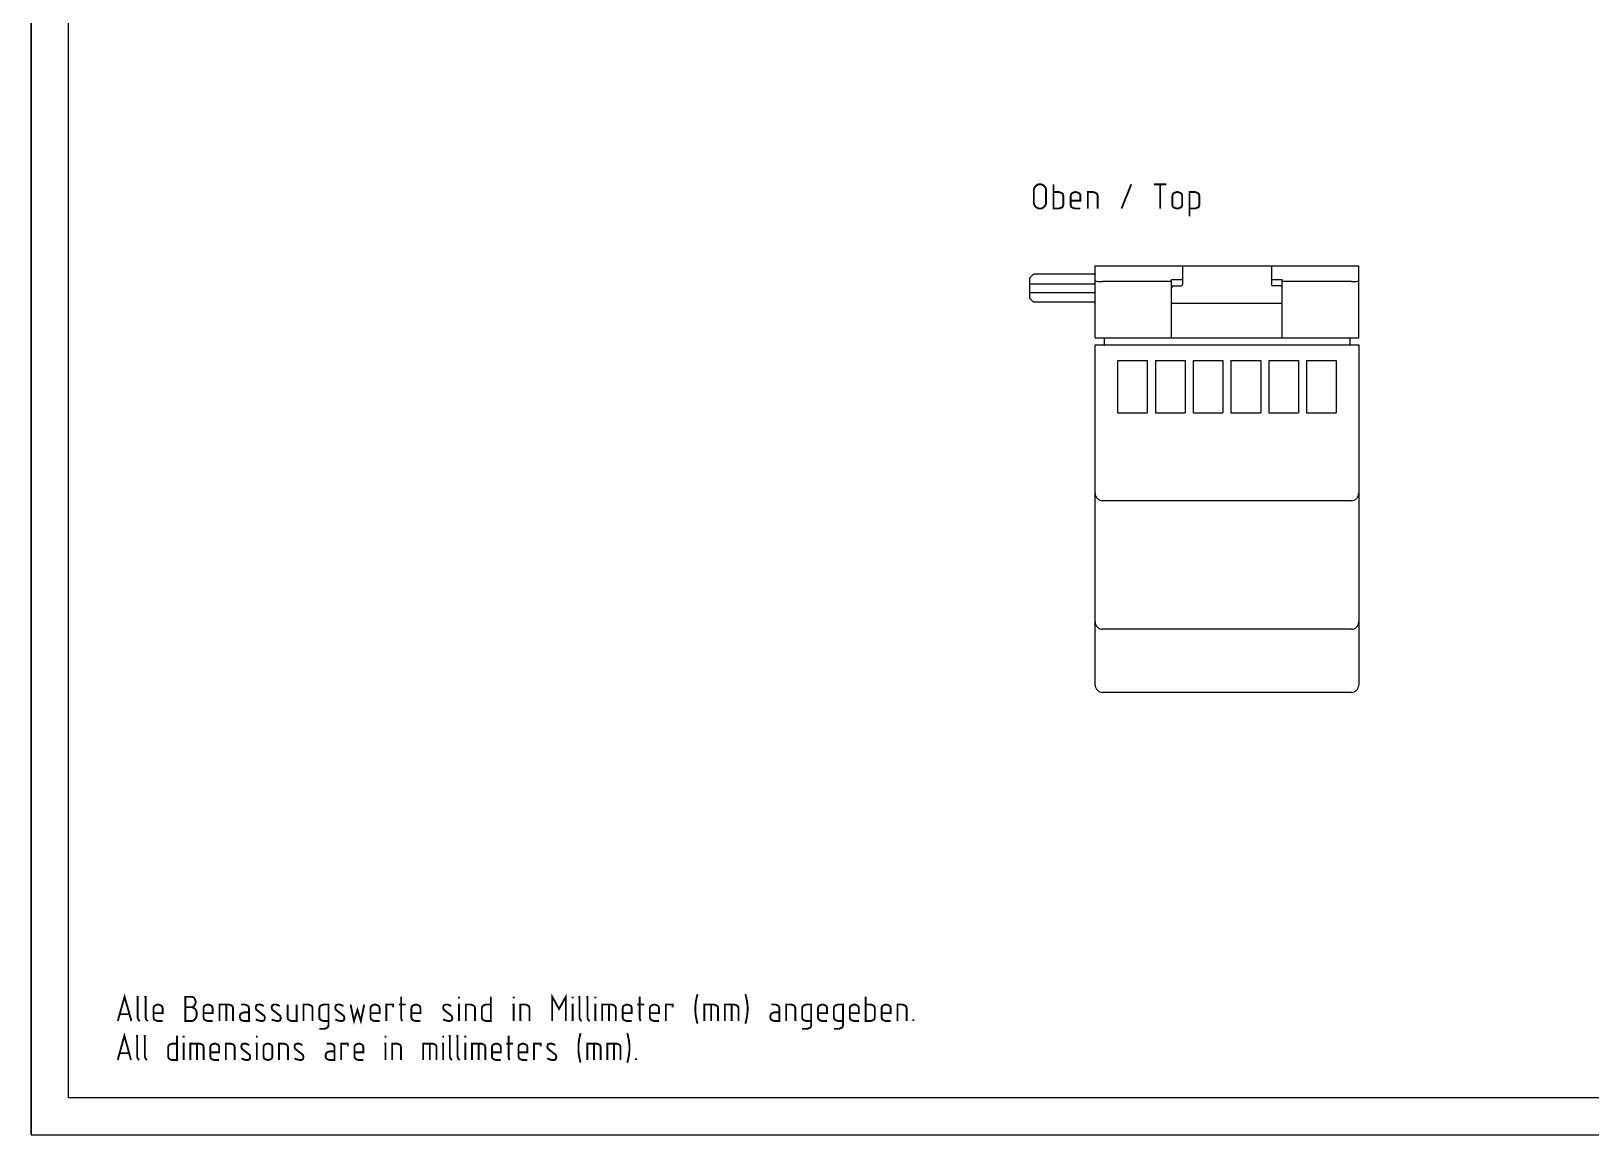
# Model space of a CAD drawing. Extents: x 0 to 420, y 0 to 297.
# Drawn here: x 0 to 210, y 0 to 148.5 of the extents above; entities that cross this region are included whole.
import ezdxf

# ---------------------------------------------------------------- set-up
doc = ezdxf.new("R2010")
doc.units = 0
doc.header["$LTSCALE"] = 23.1
doc.layers.get('0').update_dxf_attribs({"linetype": 'CONTINUOUS'})
for name, color, linetype in [('13000_TOP', 7, 'CONTINUOUS'), ('13300_TOP_GERMAN_ENGLISH', 7, 'CONTINUOUS'), ('90000_FRAME', 7, 'CONTINUOUS'), ('91000_TIP', 7, 'CONTINUOUS')]:
    doc.layers.add(name, color=color, linetype=linetype)

msp = doc.modelspace()

# ---------------------------------------------------------------- linework, layer by layer
at = {"color": 7, "linetype": 'CONTINUOUS'}
for q in [(0, 297), (420, 0)]:
    msp.add_line((0, 0), q, dxfattribs=at)
at = {"layer": '13000_TOP', "color": 7, "linetype": 'CONTINUOUS'}
for p, q in [((134.462, 115.319), (134.962, 115.819)), ((143.062, 115.819), (134.962, 115.819)), ((143.262, 107.219), (143.262, 116.919)), ((143.262, 116.919), (155.012, 116.919)), ((155.037, 116.919), (155.037, 114.419)), ((155.037, 116.919), (166.987, 116.919)), ((166.987, 116.919), (166.987, 114.419)), ((167.012, 116.919), (178.762, 116.919)), ((178.762, 107.219), (178.762, 116.919)), ((134.462, 112.519), (134.462, 115.319)), ((134.462, 114.519), (143.062, 114.519)), ((143.262, 114.951), (143.312, 114.907)), ((143.312, 114.907), (143.455, 114.868)), ((143.455, 114.868), (143.677, 114.837)), ((143.677, 114.837), (143.955, 114.817)), ((143.955, 114.817), (144.262, 114.811)), ((153.562, 114.811), (144.262, 114.811)), ((153.562, 107.219), (153.562, 115.092)), ((153.562, 115.092), (155.012, 115.092)), ((153.762, 114.219), (154.841, 114.219)), ((167.012, 115.092), (168.462, 115.092)), ((168.262, 114.219), (167.172, 114.219)), ((168.462, 107.219), (168.462, 115.092)), ((177.762, 114.811), (168.462, 114.811)), ((177.762, 114.811), (178.07, 114.817)), ((178.07, 114.817), (178.348, 114.837)), ((178.348, 114.837), (178.57, 114.868)), ((178.57, 114.868), (178.713, 114.907)), ((178.713, 114.907), (178.762, 114.951)), ((134.462, 113.319), (143.062, 113.319)), ((134.462, 112.519), (134.962, 112.019)), ((143.062, 112.019), (134.962, 112.019)), ((153.562, 111.919), (168.462, 111.919)), ((143.262, 107.219), (178.762, 107.219)), ((144.462, 107.219), (144.462, 106.319)), ((177.562, 107.219), (177.562, 106.319)), ((143.262, 60.519), (143.262, 106.319)), ((143.262, 106.319), (178.762, 106.319)), ((178.762, 106.319), (178.762, 60.519)), ((146.312, 97.169), (146.312, 104.169)), ((146.312, 104.169), (150.312, 104.169)), ((150.312, 97.169), (150.312, 104.169)), ((151.392, 104.169), (151.392, 97.169)), ((151.392, 104.169), (155.392, 104.169)), ((155.392, 104.169), (155.392, 97.169)), ((156.472, 104.169), (156.472, 97.169)), ((156.472, 104.169), (160.472, 104.169)), ((160.472, 104.169), (160.472, 97.169)), ((161.552, 104.169), (161.552, 97.169)), ((161.552, 104.169), (165.552, 104.169)), ((165.552, 104.169), (165.552, 97.169)), ((166.632, 104.169), (166.632, 97.169)), ((166.632, 104.169), (170.632, 104.169)), ((170.632, 104.169), (170.632, 97.169)), ((171.712, 104.169), (175.712, 104.169)), ((171.712, 104.169), (171.712, 97.169)), ((175.712, 104.169), (175.712, 97.169)), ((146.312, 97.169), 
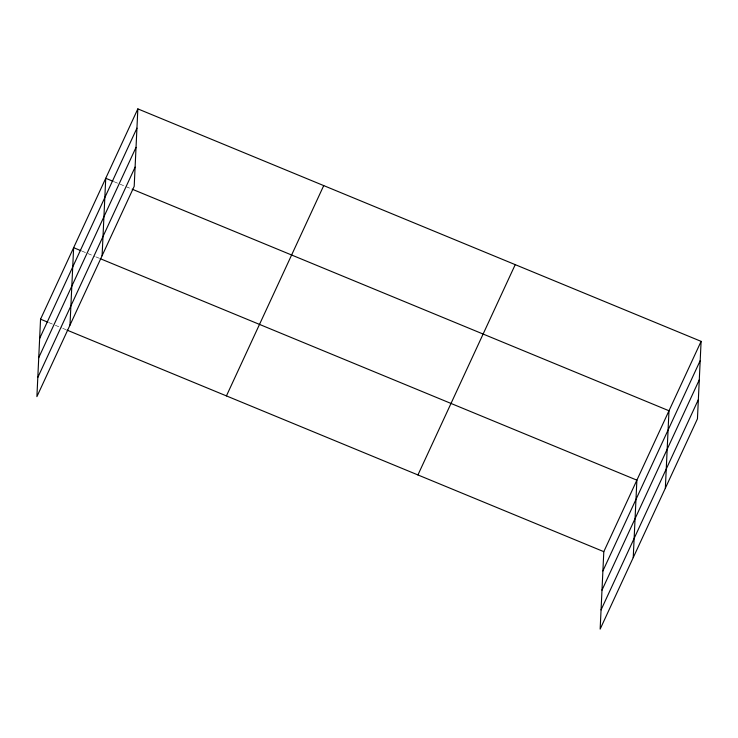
<?xml version="1.0" encoding="UTF-8"?>
<svg xmlns="http://www.w3.org/2000/svg" width="738" height="738" viewBox="0 0 738 738"><rect width="100%" height="100%" fill="white"/><g stroke="black" fill="none" stroke-linecap="round" stroke-linejoin="round"><path stroke-width="0.55" stroke-dasharray="3.69 2.77" d="M114.187 181.769L131.087 188.743M82.084 251.169L94.759 256.4M95.811 256.842L98.984 258.143M49.003 322.672L54.28 324.849M55.341 325.292L61.678 327.903M62.73 328.336L65.894 329.646"/><path stroke-width="1.11" d="M137.849 108.883L40.553 319.185L36.9 396.638L134.196 186.336L137.849 108.883L701.1 341.362L697.447 418.815L600.151 629.117L603.804 551.664L701.1 341.362M69.981 325.135L73.634 247.682L81.023 250.736M102.093 255.735L105.737 178.282L113.135 181.336M633.232 557.614L636.885 480.161L100.036 258.586M665.344 488.215L668.988 410.762L132.148 189.186M39.64 338.465L136.936 128.172M38.736 357.662L136.032 147.36M37.804 377.441L135.1 167.139M226.428 395.9L323.724 185.607M417.929 474.949L515.225 264.647M602.891 570.944L700.187 360.651M601.987 590.142L699.283 379.839M601.055 609.92L698.351 399.618M40.553 319.185L47.942 322.238M66.955 330.08L603.804 551.664"/></g></svg>
--------------------------------------------------
**TASK DESCRIPTION**
Give the data again exactly as written, with no pictures included.

**TASK ANSWER**
# Model space of a CAD drawing. Extents: x 0 to 420, y 0 to 297.
# Drawn here: x 0 to 210, y 0 to 148.5 of the extents above; entities that cross this region are included whole.
import ezdxf

# ---------------------------------------------------------------- set-up
doc = ezdxf.new("R2010")
doc.units = 0
doc.header["$LTSCALE"] = 23.1
doc.layers.get('0').update_dxf_attribs({"linetype": 'CONTINUOUS'})
for name, color, linetype in [('13000_TOP', 7, 'CONTINUOUS'), ('13300_TOP_GERMAN_ENGLISH', 7, 'CONTINUOUS'), ('90000_FRAME', 7, 'CONTINUOUS'), ('91000_TIP', 7, 'CONTINUOUS')]:
    doc.layers.add(name, color=color, linetype=linetype)

msp = doc.modelspace()

# ---------------------------------------------------------------- linework, layer by layer
at = {"color": 7, "linetype": 'CONTINUOUS'}
for q in [(0, 297), (420, 0)]:
    msp.add_line((0, 0), q, dxfattribs=at)
at = {"layer": '13000_TOP', "color": 7, "linetype": 'CONTINUOUS'}
for p, q in [((134.462, 115.319), (134.962, 115.819)), ((143.062, 115.819), (134.962, 115.819)), ((143.262, 107.219), (143.262, 116.919)), ((143.262, 116.919), (155.012, 116.919)), ((155.037, 116.919), (155.037, 114.419)), ((155.037, 116.919), (166.987, 116.919)), ((166.987, 116.919), (166.987, 114.419)), ((167.012, 116.919), (178.762, 116.919)), ((178.762, 107.219), (178.762, 116.919)), ((134.462, 112.519), (134.462, 115.319)), ((134.462, 114.519), (143.062, 114.519)), ((143.262, 114.951), (143.312, 114.907)), ((143.312, 114.907), (143.455, 114.868)), ((143.455, 114.868), (143.677, 114.837)), ((143.677, 114.837), (143.955, 114.817)), ((143.955, 114.817), (144.262, 114.811)), ((153.562, 114.811), (144.262, 114.811)), ((153.562, 107.219), (153.562, 115.092)), ((153.562, 115.092), (155.012, 115.092)), ((153.762, 114.219), (154.841, 114.219)), ((167.012, 115.092), (168.462, 115.092)), ((168.262, 114.219), (167.172, 114.219)), ((168.462, 107.219), (168.462, 115.092)), ((177.762, 114.811), (168.462, 114.811)), ((177.762, 114.811), (178.07, 114.817)), ((178.07, 114.817), (178.348, 114.837)), ((178.348, 114.837), (178.57, 114.868)), ((178.57, 114.868), (178.713, 114.907)), ((178.713, 114.907), (178.762, 114.951)), ((134.462, 113.319), (143.062, 113.319)), ((134.462, 112.519), (134.962, 112.019)), ((143.062, 112.019), (134.962, 112.019)), ((153.562, 111.919), (168.462, 111.919)), ((143.262, 107.219), (178.762, 107.219)), ((144.462, 107.219), (144.462, 106.319)), ((177.562, 107.219), (177.562, 106.319)), ((143.262, 60.519), (143.262, 106.319)), ((143.262, 106.319), (178.762, 106.319)), ((178.762, 106.319), (178.762, 60.519)), ((146.312, 97.169), (146.312, 104.169)), ((146.312, 104.169), (150.312, 104.169)), ((150.312, 97.169), (150.312, 104.169)), ((151.392, 104.169), (151.392, 97.169)), ((151.392, 104.169), (155.392, 104.169)), ((155.392, 104.169), (155.392, 97.169)), ((156.472, 104.169), (156.472, 97.169)), ((156.472, 104.169), (160.472, 104.169)), ((160.472, 104.169), (160.472, 97.169)), ((161.552, 104.169), (161.552, 97.169)), ((161.552, 104.169), (165.552, 104.169)), ((165.552, 104.169), (165.552, 97.169)), ((166.632, 104.169), (166.632, 97.169)), ((166.632, 104.169), (170.632, 104.169)), ((170.632, 104.169), (170.632, 97.169)), ((171.712, 104.169), (175.712, 104.169)), ((171.712, 104.169), (171.712, 97.169)), ((175.712, 104.169), (175.712, 97.169)), ((146.312, 97.169), 
<?xml version="1.0" encoding="UTF-8"?>
<svg xmlns="http://www.w3.org/2000/svg" width="738" height="738" viewBox="0 0 738 738"><rect width="100%" height="100%" fill="white"/><g stroke="black" fill="none" stroke-linecap="round" stroke-linejoin="round"><path stroke-width="0.55" stroke-dasharray="3.69 2.77" d="M114.187 181.769L131.087 188.743M82.084 251.169L94.759 256.4M95.811 256.842L98.984 258.143M49.003 322.672L54.28 324.849M55.341 325.292L61.678 327.903M62.73 328.336L65.894 329.646"/><path stroke-width="1.11" d="M137.849 108.883L40.553 319.185L36.9 396.638L134.196 186.336L137.849 108.883L701.1 341.362L697.447 418.815L600.151 629.117L603.804 551.664L701.1 341.362M69.981 325.135L73.634 247.682L81.023 250.736M102.093 255.735L105.737 178.282L113.135 181.336M633.232 557.614L636.885 480.161L100.036 258.586M665.344 488.215L668.988 410.762L132.148 189.186M39.64 338.465L136.936 128.172M38.736 357.662L136.032 147.36M37.804 377.441L135.1 167.139M226.428 395.9L323.724 185.607M417.929 474.949L515.225 264.647M602.891 570.944L700.187 360.651M601.987 590.142L699.283 379.839M601.055 609.92L698.351 399.618M40.553 319.185L47.942 322.238M66.955 330.08L603.804 551.664"/></g></svg>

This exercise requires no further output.